Who needs statisticians when you have big data?

Depending on whether you are a half-full or a half-empty kind of person, the "big data" revolution is either a tremendous windfall for the career of a statistician, or the makings of a real existential crisis. As with most things, it’s probably a bit of both.

From a need to expand…

The field of statistics began as an inferential scientific approach arising largely from the historical aspiration to generalize observed phenomena in a small observed group to some larger group. This basically means statistics arose out of the need to carefully draw conclusions from incomplete, but representative data.

Three hundred years ago, the beginnings of the statistical approach was created to estimate the population of London during the plague, without counting every person (as this was impossible, not to mention a health risk, with the available resources of the time).

The concept of a representative sample was used and with it a very rigorous statistical methodology. Statistics consisted (and still does) of evaluating what the data actual says (eg: counts, averages, correlations, trends, regressions, etc), but at least as important was the strict analysis of whether the sample was representative of the greater population.

… to a need to interpret

At first glance, with the current capabilities to cost effectively store and explore ever growing amounts of data, the need to sample seems to have been buried for good. But does that mean that sampling and generalization considerations are passé in a big data world?

Let’s consider for a moment: is any dataset really complete? A tax authority can in theory complete analyses on all taxpayers, but do they have all relevant data on taxpayer assets, expenses, socio-economics, etc.? And can they compare to other regions or countries? An oil company can, in theory, do analysis on all sensors in an oil rig, but is that rig representative of all rigs? And don’t they need to enrich with weather data?
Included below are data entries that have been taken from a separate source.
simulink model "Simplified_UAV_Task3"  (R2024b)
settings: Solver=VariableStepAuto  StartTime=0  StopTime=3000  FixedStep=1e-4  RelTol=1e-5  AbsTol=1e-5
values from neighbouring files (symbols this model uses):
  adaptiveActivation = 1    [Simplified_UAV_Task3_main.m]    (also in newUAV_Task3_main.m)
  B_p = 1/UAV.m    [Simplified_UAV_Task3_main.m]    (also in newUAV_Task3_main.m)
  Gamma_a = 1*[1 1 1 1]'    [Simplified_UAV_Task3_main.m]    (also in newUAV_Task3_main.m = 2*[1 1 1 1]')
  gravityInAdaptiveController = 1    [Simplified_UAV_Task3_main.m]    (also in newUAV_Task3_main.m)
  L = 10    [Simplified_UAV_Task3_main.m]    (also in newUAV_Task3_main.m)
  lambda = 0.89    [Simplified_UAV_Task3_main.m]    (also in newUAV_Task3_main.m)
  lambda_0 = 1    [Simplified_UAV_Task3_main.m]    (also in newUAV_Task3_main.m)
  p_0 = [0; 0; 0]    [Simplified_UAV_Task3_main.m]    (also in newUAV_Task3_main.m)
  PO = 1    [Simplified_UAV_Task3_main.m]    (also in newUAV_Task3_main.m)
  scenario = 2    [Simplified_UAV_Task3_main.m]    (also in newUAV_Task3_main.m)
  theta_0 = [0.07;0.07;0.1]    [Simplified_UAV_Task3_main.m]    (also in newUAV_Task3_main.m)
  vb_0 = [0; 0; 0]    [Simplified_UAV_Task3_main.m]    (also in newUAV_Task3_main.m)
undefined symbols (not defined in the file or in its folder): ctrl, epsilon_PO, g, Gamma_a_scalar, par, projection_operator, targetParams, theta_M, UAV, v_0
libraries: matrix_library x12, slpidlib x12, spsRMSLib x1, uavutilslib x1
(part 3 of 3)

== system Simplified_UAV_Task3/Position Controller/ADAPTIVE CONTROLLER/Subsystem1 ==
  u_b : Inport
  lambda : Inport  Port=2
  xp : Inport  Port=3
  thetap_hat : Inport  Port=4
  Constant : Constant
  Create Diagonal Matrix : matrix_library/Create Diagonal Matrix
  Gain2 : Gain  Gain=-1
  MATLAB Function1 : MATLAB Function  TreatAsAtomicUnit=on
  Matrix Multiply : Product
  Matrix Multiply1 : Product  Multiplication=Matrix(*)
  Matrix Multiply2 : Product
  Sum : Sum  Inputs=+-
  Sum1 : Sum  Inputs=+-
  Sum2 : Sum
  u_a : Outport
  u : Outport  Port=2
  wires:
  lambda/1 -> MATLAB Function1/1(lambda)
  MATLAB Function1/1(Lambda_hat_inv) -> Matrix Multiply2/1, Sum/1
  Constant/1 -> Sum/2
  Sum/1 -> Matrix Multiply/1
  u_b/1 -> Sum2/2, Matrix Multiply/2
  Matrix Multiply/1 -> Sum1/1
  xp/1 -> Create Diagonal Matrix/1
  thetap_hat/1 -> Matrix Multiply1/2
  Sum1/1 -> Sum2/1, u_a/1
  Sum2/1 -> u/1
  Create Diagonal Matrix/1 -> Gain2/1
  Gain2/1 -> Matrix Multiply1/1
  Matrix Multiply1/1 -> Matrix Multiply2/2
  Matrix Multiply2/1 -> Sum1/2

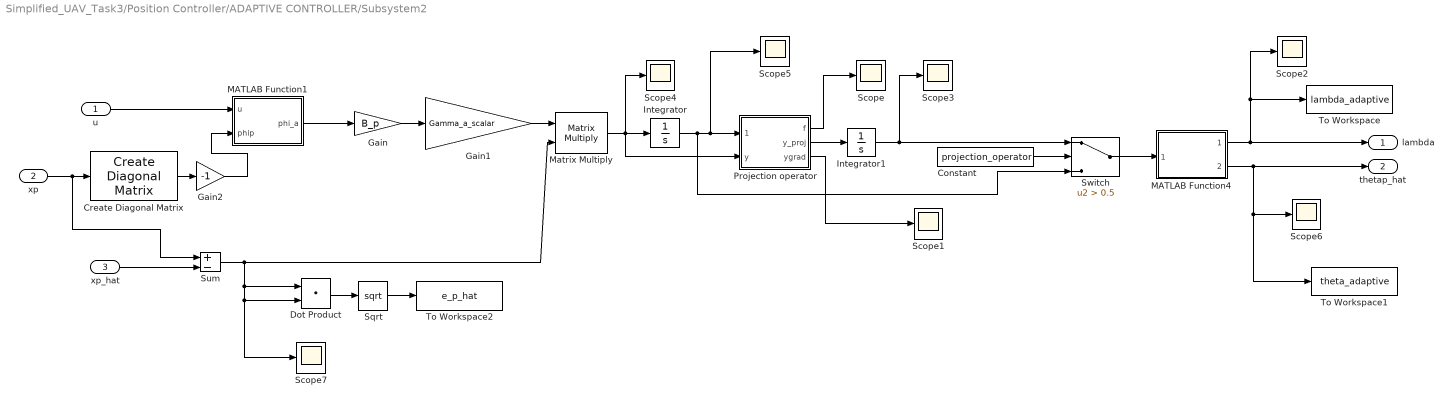
== system Simplified_UAV_Task3/Position Controller/ADAPTIVE CONTROLLER/Subsystem2 ==
  u : Inport
  xp : Inport  Port=2
  xp_hat : Inport  Port=3
  Constant : Constant  Value=projection_operator
  Create Diagonal Matrix : matrix_library/Create Diagonal Matrix
  Dot Product : DotProduct  OutDataTypeStr=Inherit: Inherit via internal rule
  Gain : Gain  Gain=B_p
  Gain1 : Gain  Gain=Gamma_a_scalar
  Gain2 : Gain  Gain=-1
  Integrator : Integrator  InitialCondition=[lambda_0; theta_0]
  Integrator1 : Integrator  InitialCondition=[lambda_0; theta_0]
  MATLAB Function1 : MATLAB Function  TreatAsAtomicUnit=on
  MATLAB Function4 : MATLAB Function  TreatAsAtomicUnit=on
  Matrix Multiply : Product  Multiplication=Matrix(*)
  Projection operator : MATLAB Function  TreatAsAtomicUnit=on
  Scope{,1..7} (8 alike) : Scope
  Sqrt : Sqrt
  Sum : Sum  Inputs=+-
  Switch : Switch  Criteria=u2 > Threshold  Threshold=0.5  SaturateOnIntegerOverflow=off  InputSameDT=off
  To Workspace : ToWorkspace  VariableName=lambda_adaptive  SaveFormat=Timeseries  SampleTime=-1
  To Workspace1 : ToWorkspace  VariableName=theta_adaptive  SaveFormat=Timeseries  SampleTime=-1
  To Workspace2 : ToWorkspace  VariableName=e_p_hat  SaveFormat=Timeseries  SampleTime=-1
  lambda : Outport
  thetap_hat : Outport  Port=2
  wires:
  u/1 -> MATLAB Function1/1(u)
  xp_hat/1 -> Sum/2
  MATLAB Function1/1(phi_a) -> Gain/1
  Gain/1 -> Gain1/1
  Gain1/1 -> Matrix Multiply/1
  Matrix Multiply/1 -> Projection operator/2(y), Scope4/1, Integrator/1
  Integrator/1 -> Switch/3, Scope5/1, Projection operator/1(theta_a_hat)
  Projection operator/3(ygrad) -> Scope1/1
  Projection operator/1(f) -> Scope/1
  MATLAB Function4/2(thetap_hat) -> To Workspace1/1, Scope6/1, thetap_hat/1
  Integrator1/1 -> Switch/1, Scope3/1
  Projection operator/2(y_proj) -> Integrator1/1
  xp/1 -> Create Diagonal Matrix/1, Sum/1
  Switch/1 -> MATLAB Function4/1(theta_a)
  Constant/1 -> Switch/2
  Create Diagonal Matrix/1 -> Gain2/1
  Gain2/1 -> MATLAB Function1/2(phip)
  Sqrt/1 -> To Workspace2/1
  Sum/1 -> Scope7/1, Dot Product/2, Dot Product/1, Matrix Multiply/2
  Dot Product/1 -> Sqrt/1
  MATLAB Function4/1(lambda) -> lambda/1, To Workspace/1, Scope2/1

== system Simplified_UAV_Task3/Position Controller/Adaptive Augmentation/Predictor (x_p_hat) dynamics ==
  Lambda_hat : Inport
  u : Inport  Port=2
  phi_p : Inport  Port=3
  theta_p_hat : Inport  Port=4
  x_p : Inport  Port=5
  Add : Sum
  Constant : Constant  Value=g*e3
  Gain : Gain  Gain=B_p  Multiplication=Matrix(K*u)
  Gain1 : Gain  Gain=L
  Gain2 : Gain  Gain=gravityInAdaptiveController
  Gain3 : Gain
  Integrator : Integrator  InitialCondition=v_0
  Matrix Multiply : Product
  Matrix Multiply1 : Product  Multiplication=Matrix(*)
  Reshape : Reshape  OutputDimensionality=Column vector (2-D)
  Reshape1 : Reshape  OutputDimensionality=Column vector (2-D)
  Reshape2 : Reshape  OutputDimensionality=Column vector (2-D)
  Scope : Scope
  Scope1 : Scope
  Sum : Sum  Inputs=+++
  Sum1 : Sum  Inputs=-+|
  Transpose : Math  Operator=transpose
  x_p_hat : Outport
  wires:
  Lambda_hat/1 -> Matrix Multiply/1
  Matrix Multiply/1 -> Add/1
  phi_p/1 -> Transpose/1
  theta_p_hat/1 -> Matrix Multiply1/2
  Matrix Multiply1/1 -> Add/2
  Add/1 -> Gain/1
  Gain/1 -> Reshape1/1
  Gain1/1 -> Reshape/1
  x_p/1 -> Scope1/1, Sum1/2
  Sum1/1 -> Gain1/1
  Integrator/1 -> Scope/1, Sum1/1, x_p_hat/1
  Sum/1 -> Integrator/1
  Reshape/1 -> Sum/1
  Reshape1/1 -> Sum/2
  Reshape2/1 -> Sum/3
  Constant/1 -> Gain2/1
  Transpose/1 -> Matrix Multiply1/1
  u/1 -> Matrix Multiply/2
  Gain2/1 -> Gain3/1
  Gain3/1 -> Reshape2/1

== system Simplified_UAV_Task3/Position Controller/Adaptive Augmentation/Subsystem ==
  Lambda_hat : Inport
  u_b : Inport  Port=2
  phi_p : Inport  Port=3
  theta_p_hat : Inport  Port=4
  Constant : Constant  Value=eye(3,3)
  Gain : Gain  Commented=through  Gain=-1
  Gain1 : Gain
  Inverse : MATLAB Function  TreatAsAtomicUnit=on
  Product : Product  Multiplication=Matrix(*)
  Product1 : Product  Inputs=3  Multiplication=Matrix(*)
  Subtract : Sum  Inputs=-+
  Subtract1 : Sum  Inputs=+-
  Transpose : Math  Operator=transpose
  u_a : Outport
  wires:
  Lambda_hat/1 -> Inverse/1(u)
  Inverse/1(y) -> Product1/1, Subtract/2
  Constant/1 -> Subtract/1
  Subtract/1 -> Product/1
  u_b/1 -> Product/2
  Product/1 -> Gain1/1
  Subtract1/1 -> u_a/1
  phi_p/1 -> Transpose/1
  Transpose/1 -> Gain/1
  theta_p_hat/1 -> Product1/3
  Product1/1 -> Subtract1/2
  Gain/1 -> Product1/2
  Gain1/1 -> Subtract1/1

== system Simplified_UAV_Task3/Position Controller/Adaptive Augmentation/phi_a ==
  u : Inport
  phi_p : Inport  Port=2
  Matrix Concatenate : Concatenate  Mode=Multidimensional array
  Scope : Scope
  Transpose : Math  Operator=transpose
  phi_a : Outport
  wires:
  Matrix Concatenate/1 -> Scope/1, phi_a/1
  u/1 -> Transpose/1
  phi_p/1 -> Matrix Concatenate/2
  Transpose/1 -> Matrix Concatenate/1

== system Simplified_UAV_Task3/Position Controller/Adaptive Augmentation/phi_p ==
  x_p : Inport
  Create Diagonal Matrix : matrix_library/Create Diagonal Matrix
  Gain : Gain  Gain=-1
  phi_p : Outport
  wires:
  x_p/1 -> Gain/1
  Gain/1 -> Create Diagonal Matrix/1
  Create Diagonal Matrix/1 -> phi_p/1

== system Simplified_UAV_Task3/Position Controller/Adaptive Augmentation/theta_a_hat dynamics ==
  Gamma_a : Inport
  phi_a : Inport  Port=2
  B_p : Inport  Port=3
  x_p : Inport  Port=4
  x_p_hat : Inport  Port=5
  Constant1 : Constant  Value=PO
  Dot Product : DotProduct  OutDataTypeStr=Inherit: Inherit via internal rule
  Integrator : Integrator  InitialCondition=[lambda_0; theta_0]
  Matrix Multiply1 : Product
  Matrix Multiply2 : Product  Multiplication=Matrix(*)
  Matrix Multiply3 : Product
  Projection operator : Subsystem
  Scope{,1..4} (5 alike) : Scope
  Sqrt : Sqrt
  Subtract : Sum  Inputs=+-
  Switch : Switch  Criteria=u2 > Threshold  SaturateOnIntegerOverflow=off  InputSameDT=off
  To Workspace : ToWorkspace  VariableName=e_p_hat  SaveFormat=Timeseries  SampleTime=-1
  Transpose : Math  Operator=transpose
  Transpose1 : Math  Commented=through  Operator=transpose
  theta_a_hat : Outport
  wires:
  x_p_hat/1 -> Subtract/2
  B_p/1 -> Transpose/1
  Subtract/1 -> Scope4/1, Dot Product/2, Dot Product/1, Matrix Multiply1/2
  Transpose/1 -> Matrix Multiply1/1
  phi_a/1 -> Transpose1/1
  Matrix Multiply1/1 -> Scope3/1, Matrix Multiply2/2
  Gamma_a/1 -> Matrix Multiply3/1
  Matrix Multiply2/1 -> Matrix Multiply3/2
  Matrix Multiply3/1 -> Projection operator/1(theta_dot), Scope2/1, Integrator/1
  x_p/1 -> Subtract/1
  Constant1/1 -> Switch/2, Projection operator/Enable
  Integrator/1 -> Scope1/1, Switch/3
  Switch/1 -> theta_a_hat/1
  Projection operator/1(theta) -> Scope/1, Switch/1
  Dot Product/1 -> Sqrt/1
  Sqrt/1 -> To Workspace/1
  Transpose1/1 -> Matrix Multiply2/1

== system Simplified_UAV_Task3/Position Controller/Adaptive Augmentation to delete/Predictor (x_p_hat) dynamics ==
  Lambda_hat : Inport
  u : Inport  Port=2
  phi_p : Inport  Port=3
  theta_p_hat : Inport  Port=4
  x_p : Inport  Port=5
  Add : Sum
  Constant : Constant  Value=g*e3
  Gain : Gain  Gain=B_p  Multiplication=Matrix(K*u)
  Gain1 : Gain  Gain=L
  Integrator : Integrator  InitialCondition=v_0
  Matrix Multiply : Product
  Matrix Multiply1 : Product  Multiplication=Matrix(*)
  Reshape : Reshape  OutputDimensionality=Column vector (2-D)
  Reshape1 : Reshape  OutputDimensionality=Column vector (2-D)
  Reshape2 : Reshape  OutputDimensionality=Column vector (2-D)
  Scope : Scope
  Sum : Sum  Inputs=+++
  Sum1 : Sum  Inputs=-+|
  Transpose : Math  Operator=transpose
  x_p_hat : Outport
  wires:
  Lambda_hat/1 -> Matrix Multiply/1
  u/1 -> Matrix Multiply/2
  Matrix Multiply/1 -> Add/1
  phi_p/1 -> Transpose/1
  theta_p_hat/1 -> Matrix Multiply1/2
  Matrix Multiply1/1 -> Add/2
  Add/1 -> Gain/1
  Gain/1 -> Reshape1/1
  Gain1/1 -> Reshape/1
  x_p/1 -> Sum1/2
  Sum1/1 -> Gain1/1
  Integrator/1 -> Scope/1, Sum1/1, x_p_hat/1
  Sum/1 -> Integrator/1
  Reshape/1 -> Sum/1
  Reshape1/1 -> Sum/2
  Reshape2/1 -> Sum/3
  Constant/1 -> Reshape2/1
  Transpose/1 -> Matrix Multiply1/1

== system Simplified_UAV_Task3/Position Controller/Adaptive Augmentation to delete/Subsystem ==
  Lambda_hat : Inport
  u_b : Inport  Port=2
  phi_p : Inport  Port=3
  theta_p_hat : Inport  Port=4
  Constant : Constant  Value=eye(3,3)
  Gain : Gain  Commented=through  Gain=-1
  Gain1 : Gain
  Inverse : MATLAB Function  TreatAsAtomicUnit=on
  Product : Product  Multiplication=Matrix(*)
  Product1 : Product  Inputs=3  Multiplication=Matrix(*)
  Subtract : Sum  Inputs=-+
  Subtract1 : Sum  Inputs=+-
  Transpose : Math  Operator=transpose
  u_a : Outport
  wires:
  Lambda_hat/1 -> Inverse/1(u)
  Inverse/1(y) -> Product1/1, Subtract/2
  Constant/1 -> Subtract/1
  Subtract/1 -> Product/1
  u_b/1 -> Product/2
  Product/1 -> Gain1/1
  Subtract1/1 -> u_a/1
  phi_p/1 -> Transpose/1
  Transpose/1 -> Gain/1
  theta_p_hat/1 -> Product1/3
  Product1/1 -> Subtract1/2
  Gain/1 -> Product1/2
  Gain1/1 -> Subtract1/1

== system Simplified_UAV_Task3/Position Controller/Adaptive Augmentation to delete/phi_a ==
  u : Inport
  phi_p : Inport  Port=2
  Matrix Concatenate : Concatenate  Mode=Multidimensional array
  Scope : Scope
  Transpose : Math  Operator=transpose
  phi_a : Outport
  wires:
  Matrix Concatenate/1 -> Scope/1, phi_a/1
  u/1 -> Transpose/1
  phi_p/1 -> Matrix Concatenate/2
  Transpose/1 -> Matrix Concatenate/1

== system Simplified_UAV_Task3/Position Controller/Adaptive Augmentation to delete/phi_p ==
  x_p : Inport
  Create Diagonal Matrix : matrix_library/Create Diagonal Matrix
  Gain : Gain  Gain=-1
  phi_p : Outport
  wires:
  x_p/1 -> Gain/1
  Gain/1 -> Create Diagonal Matrix/1
  Create Diagonal Matrix/1 -> phi_p/1

== system Simplified_UAV_Task3/Position Controller/Adaptive Augmentation to delete/theta_a_hat dynamics ==
  Gamma_a : Inport
  phi_a : Inport  Port=2
  B_p : Inport  Port=3
  x_p : Inport  Port=4
  x_p_hat : Inport  Port=5
  Constant1 : Constant  Value=PO
  Dot Product : DotProduct  OutDataTypeStr=Inherit: Inherit via internal rule
  Integrator : Integrator  InitialCondition=[lambda_0; theta_0]
  Matrix Multiply1 : Product
  Matrix Multiply2 : Product  Multiplication=Matrix(*)
  Matrix Multiply3 : Product
  Projection operator : Subsystem  Commented=on
  Scope{,1..4} (5 alike) : Scope
  Sqrt : Sqrt
  Subtract : Sum  Inputs=+-
  Switch : Switch  Criteria=u2 > Threshold  SaturateOnIntegerOverflow=off  InputSameDT=off
  To Workspace : ToWorkspace  VariableName=e_p_hat  SaveFormat=Timeseries  SampleTime=-1
  Transpose : Math  Operator=transpose
  Transpose1 : Math  Commented=through  Operator=transpose
  theta_a_hat : Outport
  wires:
  x_p_hat/1 -> Subtract/2
  B_p/1 -> Transpose/1
  Subtract/1 -> Matrix Multiply1/2, Scope4/1, Dot Product/2, Dot Product/1
  Transpose/1 -> Matrix Multiply1/1
  phi_a/1 -> Transpose1/1
  Matrix Multiply1/1 -> Scope3/1, Matrix Multiply2/2
  Gamma_a/1 -> Matrix Multiply3/1
  Matrix Multiply2/1 -> Matrix Multiply3/2
  Matrix Multiply3/1 -> Projection operator/1(theta_dot), Scope2/1, Integrator/1
  x_p/1 -> Subtract/1
  Constant1/1 -> Switch/2, Projection operator/Enable
  Integrator/1 -> Scope1/1, Switch/3
  Switch/1 -> theta_a_hat/1
  Projection operator/1(theta) -> Scope/1, Switch/1
  Dot Product/1 -> Sqrt/1
  Sqrt/1 -> To Workspace/1
  Transpose1/1 -> Matrix Multiply2/1

== system Simplified_UAV_Task3/Position Controller/position/Subsystem ==
  e_p : Inport
  Action Port : ActionPort
  Dot Product : DotProduct  OutDataTypeStr=Inherit: Inherit via internal rule
  Sqrt : Sqrt
  Sum of Elements : Sum  Inputs=+
  To Workspace : ToWorkspace  VariableName=posRMS  SaveFormat=Timeseries  SampleTime=-1
  wires:
  e_p/1 -> Dot Product/2, Dot Product/1
  Dot Product/1 -> Sum of Elements/1
  Sum of Elements/1 -> Sqrt/1
  Sqrt/1 -> To Workspace/1

== system Simplified_UAV_Task3/Position Controller/velocity/Subsystem ==
  e_p : Inport
  Action Port : ActionPort
  Dot Product : DotProduct  OutDataTypeStr=Inherit: Inherit via internal rule
  Sqrt : Sqrt
  Sum of Elements : Sum  Inputs=+
  To Workspace : ToWorkspace  VariableName=velRMS  SaveFormat=Timeseries  SampleTime=-1
  wires:
  e_p/1 -> Dot Product/2, Dot Product/1
  Dot Product/1 -> Sum of Elements/1
  Sum of Elements/1 -> Sqrt/1
  Sqrt/1 -> To Workspace/1

== system Simplified_UAV_Task3/Classic Position Controller/Adaptive Augmentation/theta_a_hat dynamics/Projection operator ==
  theta_dot : Inport
  Enable : EnablePort
  Constant : Constant  Value=lambda_0
  Constant3 : Constant  Value=theta_0(1)
  Constant4 : Constant  Value=theta_0(2)
  Constant5 : Constant  Value=theta_0(3)
  Demux : Demux
  Integrator{1,4..6} (4 alike) : Integrator
  MATLAB Function : MATLAB Function  TreatAsAtomicUnit=on
  MATLAB Function3 : MATLAB Function  TreatAsAtomicUnit=on
  MATLAB Function4 : MATLAB Function  TreatAsAtomicUnit=on
  MATLAB Function5 : MATLAB Function  TreatAsAtomicUnit=on
  Mux : Mux
  Sum{,3..5} (4 alike) : Sum  Inputs=|++
  theta : Outport
  wires:
  MATLAB Function/1(y_proj) -> Integrator1/1
  Sum/1 -> MATLAB Function/1(theta), Mux/1
  Integrator1/1 -> Sum/1
  Constant/1 -> Sum/2
  Demux/1 -> MATLAB Function/2(theta_dot)
  theta_dot/1 -> Demux/1
  Constant3/1 -> Sum3/2
  MATLAB Function3/1(y_proj) -> Integrator4/1
  Sum3/1 -> Mux/2, MATLAB Function3/1(theta)
  Integrator4/1 -> Sum3/1
  Demux/2 -> MATLAB Function3/2(theta_dot)
  Constant4/1 -> Sum4/2
  MATLAB Function4/1(y_proj) -> Integrator5/1
  Sum4/1 -> Mux/3, MATLAB Function4/1(theta)
  Integrator5/1 -> Sum4/1
  Demux/3 -> MATLAB Function4/2(theta_dot)
  Constant5/1 -> Sum5/2
  MATLAB Function5/1(y_proj) -> Integrator6/1
  Sum5/1 -> MATLAB Function5/1(theta), Mux/4
  Integrator6/1 -> Sum5/1
  Demux/4 -> MATLAB Function5/2(theta_dot)
  Mux/1 -> theta/1

== system Simplified_UAV_Task3/Position Controller/Adaptive Augmentation/theta_a_hat dynamics/Projection operator ==
  theta_dot : Inport
  Enable : EnablePort
  Constant : Constant  Value=lambda_0
  Constant3 : Constant  Value=theta_0(1)
  Constant4 : Constant  Value=theta_0(2)
  Constant5 : Constant  Value=theta_0(3)
  Demux : Demux
  Integrator{1,4..6} (4 alike) : Integrator
  MATLAB Function : MATLAB Function  TreatAsAtomicUnit=on
  MATLAB Function3 : MATLAB Function  TreatAsAtomicUnit=on
  MATLAB Function4 : MATLAB Function  TreatAsAtomicUnit=on
  MATLAB Function5 : MATLAB Function  TreatAsAtomicUnit=on
  Mux : Mux
  Sum{,3..5} (4 alike) : Sum  Inputs=|++
  theta : Outport
  wires:
  MATLAB Function/1(y_proj) -> Integrator1/1
  Sum/1 -> MATLAB Function/1(theta), Mux/1
  Integrator1/1 -> Sum/1
  Constant/1 -> Sum/2
  Demux/1 -> MATLAB Function/2(theta_dot)
  theta_dot/1 -> Demux/1
  Constant3/1 -> Sum3/2
  MATLAB Function3/1(y_proj) -> Integrator4/1
  Sum3/1 -> Mux/2, MATLAB Function3/1(theta)
  Integrator4/1 -> Sum3/1
  Demux/2 -> MATLAB Function3/2(theta_dot)
  Constant4/1 -> Sum4/2
  MATLAB Function4/1(y_proj) -> Integrator5/1
  Sum4/1 -> Mux/3, MATLAB Function4/1(theta)
  Integrator5/1 -> Sum4/1
  Demux/3 -> MATLAB Function4/2(theta_dot)
  Constant5/1 -> Sum5/2
  MATLAB Function5/1(y_proj) -> Integrator6/1
  Sum5/1 -> MATLAB Function5/1(theta), Mux/4
  Integrator6/1 -> Sum5/1
  Demux/4 -> MATLAB Function5/2(theta_dot)
  Mux/1 -> theta/1

== system Simplified_UAV_Task3/Position Controller/Adaptive Augmentation to delete/theta_a_hat dynamics/Projection operator ==
  theta_dot : Inport
  Enable : EnablePort
  Constant : Constant  Value=lambda_0
  Constant3 : Constant  Value=theta_0(1)
  Constant4 : Constant  Value=theta_0(2)
  Constant5 : Constant  Value=theta_0(3)
  Demux : Demux
  Integrator{1,4..6} (4 alike) : Integrator
  MATLAB Function : MATLAB Function  TreatAsAtomicUnit=on
  MATLAB Function3 : MATLAB Function  TreatAsAtomicUnit=on
  MATLAB Function4 : MATLAB Function  TreatAsAtomicUnit=on
  MATLAB Function5 : MATLAB Function  TreatAsAtomicUnit=on
  Mux : Mux
  Sum{,3..5} (4 alike) : Sum  Inputs=|++
  theta : Outport
  wires:
  MATLAB Function/1(y_proj) -> Integrator1/1
  Sum/1 -> MATLAB Function/1(theta), Mux/1
  Integrator1/1 -> Sum/1
  Constant/1 -> Sum/2
  Demux/1 -> MATLAB Function/2(theta_dot)
  theta_dot/1 -> Demux/1
  Constant3/1 -> Sum3/2
  MATLAB Function3/1(y_proj) -> Integrator4/1
  Sum3/1 -> Mux/2, MATLAB Function3/1(theta)
  Integrator4/1 -> Sum3/1
  Demux/2 -> MATLAB Function3/2(theta_dot)
  Constant4/1 -> Sum4/2
  MATLAB Function4/1(y_proj) -> Integrator5/1
  Sum4/1 -> Mux/3, MATLAB Function4/1(theta)
  Integrator5/1 -> Sum4/1
  Demux/3 -> MATLAB Function4/2(theta_dot)
  Constant5/1 -> Sum5/2
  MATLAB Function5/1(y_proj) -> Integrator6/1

Even music services like Spotify can evaluate all listeners’ behavior, but can they really predict individual preferences based solely on co-occurrences?

The only correct answer to any of these questions will always start with: "It depends."
And that’s exactly why statisticians and critically minded analysts still have a crucial role in big data analysis and the innovative organization. Statistics, or being statistically inclined, means having a critical mindset about what role numbers can play in describing the real world.

Your dataset is bigger than mine? So what?

Just because my data set is bigger than yours, it doesn’t mean I’ll get more information out of it: only the potential for learning is greater with bigger data and bigger analysis. It will still take analytically minded thinkers to draw the appropriate conclusions.

So, hold on to your critical edge, fellow statisticians. The potential of big data is truly awesome, but it’s up to us to make it work. And if we get paid for it, well that’s just a nice side effect of a job well done.